8 Tanto premesso, il punto fermo da cui partire non può che essere il principio di diritto di CGUE 15.09.2011, secondo il quale un lavoratore ha diritto, durante le sue ferie annuali, non solo al mantenimento del suo stipendio di base, bensì anche, da un lato, a tutti gli elementi intrinsecamente connessi all'espletamento delle mansioni che gli incombono in forza del suo contratto di lavoro e che sono compensati tramite un importo pecuniario incluso nel calcolo della sua retribuzione complessiva e, dall'altro, a tutti gli elementi collegati allo status personale e professionale del lavoratore. Tali principi devono essere interpretati, di conseguenza, non come impositivi di una meccanica parificazione tra la retribuzione feriale e quella degli altri periodi dell'anno, bensì come rivolti a tutelare l'esigenza che il lavoratore non abbia a patire, quando va in ferie, di una riduzione sproporzionata del proprio trattamento retributivo, tale da avere un effetto dissuasivo dell'effettiva fruizione del diritto.

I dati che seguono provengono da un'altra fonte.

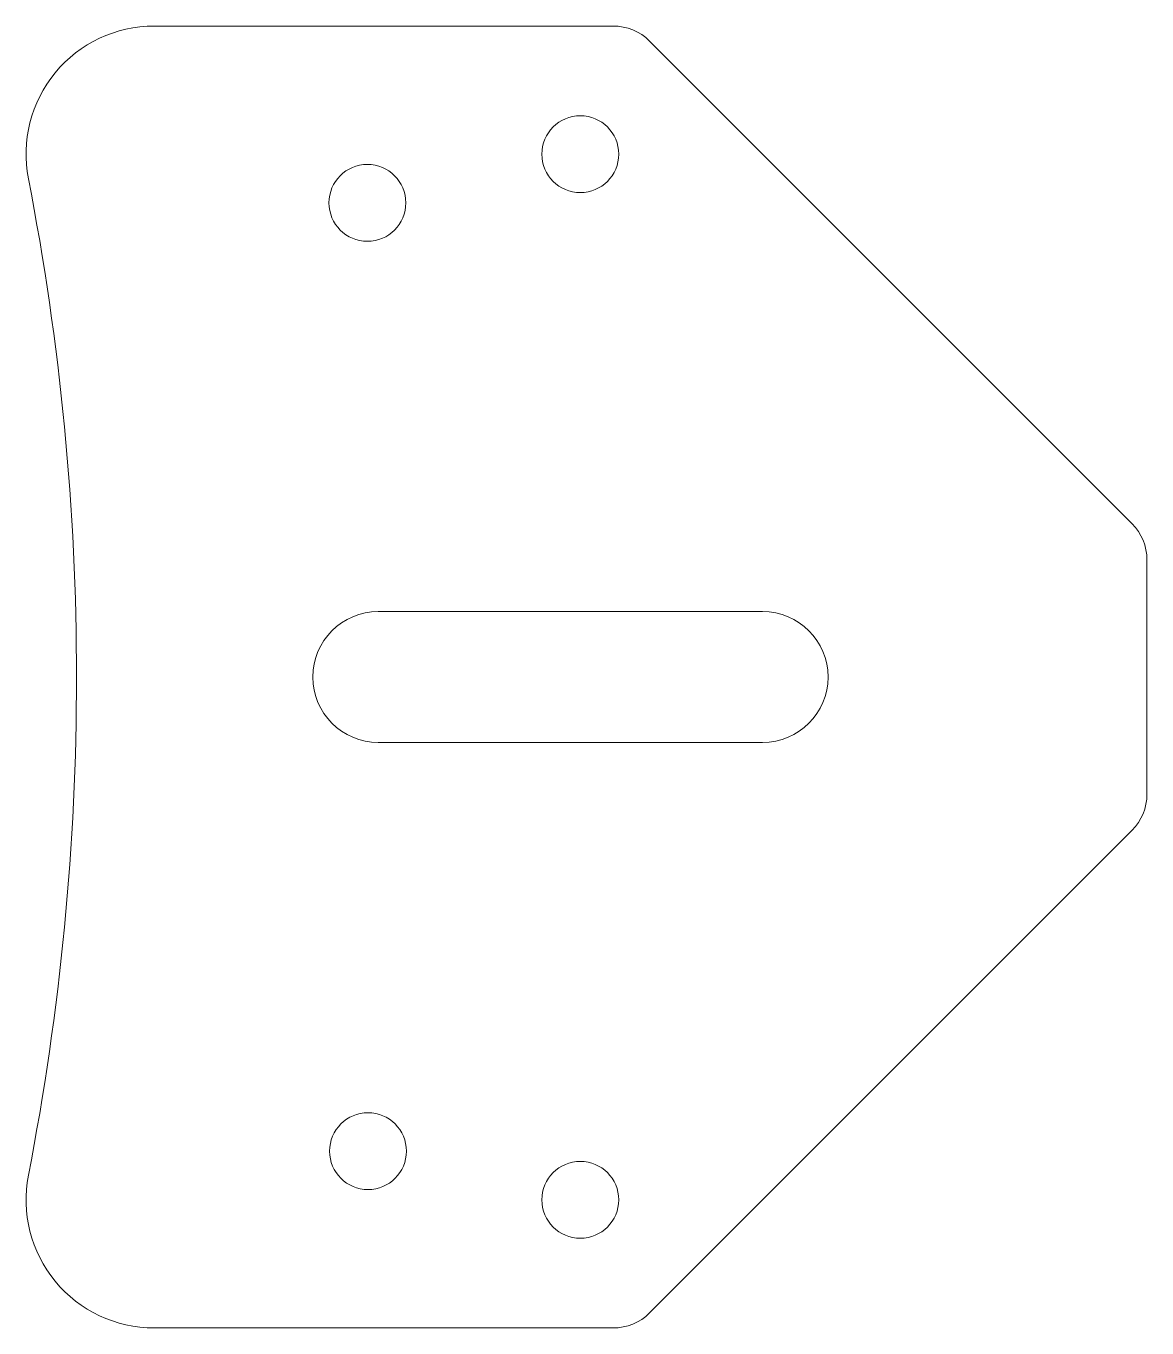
# Model space of a CAD drawing. Header units: millimetres. Extents: x -21.2 to 22.5, y -25.4 to 25.4.
import ezdxf

# ---------------------------------------------------------------- set-up
doc = ezdxf.new("R2010")
doc.units = ezdxf.units.MM

msp = doc.modelspace()

# ---------------------------------------------------------------- linework, layer by layer
at = {"color": 7, "linetype": 'Continuous', "lineweight": 15}
for p, q in [((1.672, 25.4), (-16.244, 25.4)), ((21.914, 5.986), (3.086, 24.814)), ((22.5, -4.572), (22.5, 4.572)), ((7.5, 2.553), (-7.5, 2.553)), ((-7.5, -2.553), (7.5, -2.553)), ((3.086, -24.814), (21.914, -5.986)), ((-16.244, -25.4), (1.672, -25.4))]:
    msp.add_line(p, q, dxfattribs=at)
for centre in [(0.386, 20.4), (-7.923, 18.5), (-7.899, -18.5), (0.386, -20.4)]:
    msp.add_circle(centre, 1.5, dxfattribs=at)
for centre, radius, start, end in [((1.672, 23.4), 2, 45, 90), ((-16.244, 20.4), 5, 90, 191.0327), ((-120.874, 0), 101.6, 348.96728, 11.03272), ((20.5, 4.572), 2, 0, 45), ((-7.5, 0), 2.553, 90, 270), ((7.5, 0), 2.553, 270, 90), ((20.5, -4.572), 2, 315, 0), ((-16.244, -20.4), 5, 168.9673, 270), ((1.672, -23.4), 2, 270, 315)]:
    msp.add_arc(centre, radius, start, end, dxfattribs=at)

doc.saveas('drawing.dxf')

In altri termini, per poter essere inclusa nella base di calcolo della retribuzione feriale, una voce retributiva deve rispondere ai seguenti requisiti: a) deve essere intrinsecamente connessa alla natura delle mansioni svolte dall'interessato, inoltre b) deve compensare uno specifico “disagio” derivante dall'espletamento di dette mansioni (“disagio” nel senso di “dare incomodo”; se ne ha una riprova verificando i termini nei quali si è espressa la CGUE nelle altre principali lingue: nel testo inglese, si parla di un
“inconvenient aspect”, cioè scomodo, disagiato - possibili sinonimi inglesi,
“unconfortable”, “uneasy”, “awkward” -, nel testo francese, di “désagrément”, che significa inconveniente, disagio, fastidio, disturbo), oppure c) deve essere correlata al peculiare status professionale o personale dell'interessato.
Infine, come si trae in modo esplicito da CGUE 15.09.2011, la valutazione circa la computabilità o no di un'indennità – quindi, circa l'an, non il quantum - deve essere svolta in funzione di una media su un periodo di riferimento giudicato rappresentativo. Il che implica che occorre anche considerare il dato della frequenza temporale dell'erogazione retributiva nella busta paga di ciascun lavoratore. Ovverosia, deve trattarsi di voci retributive che siano percepite in modo continuativo, o quanto meno non
9 occasionale, dal lavoratore. Ancora, non può che essere rilevante l'importo di tali voci, che deve essere congruo o comunque apprezzabile, in modo da poter dire che rinunciarvi può avere un effetto dissuasivo delle ferie. La rilevanza di tale dato trova conferma in CGUE 22.05.2014, che a sostegno dell'applicabilità di certe provvigioni ha osservato che esse totalizzavano più del 60% dello stipendio ordinario del lavoratore.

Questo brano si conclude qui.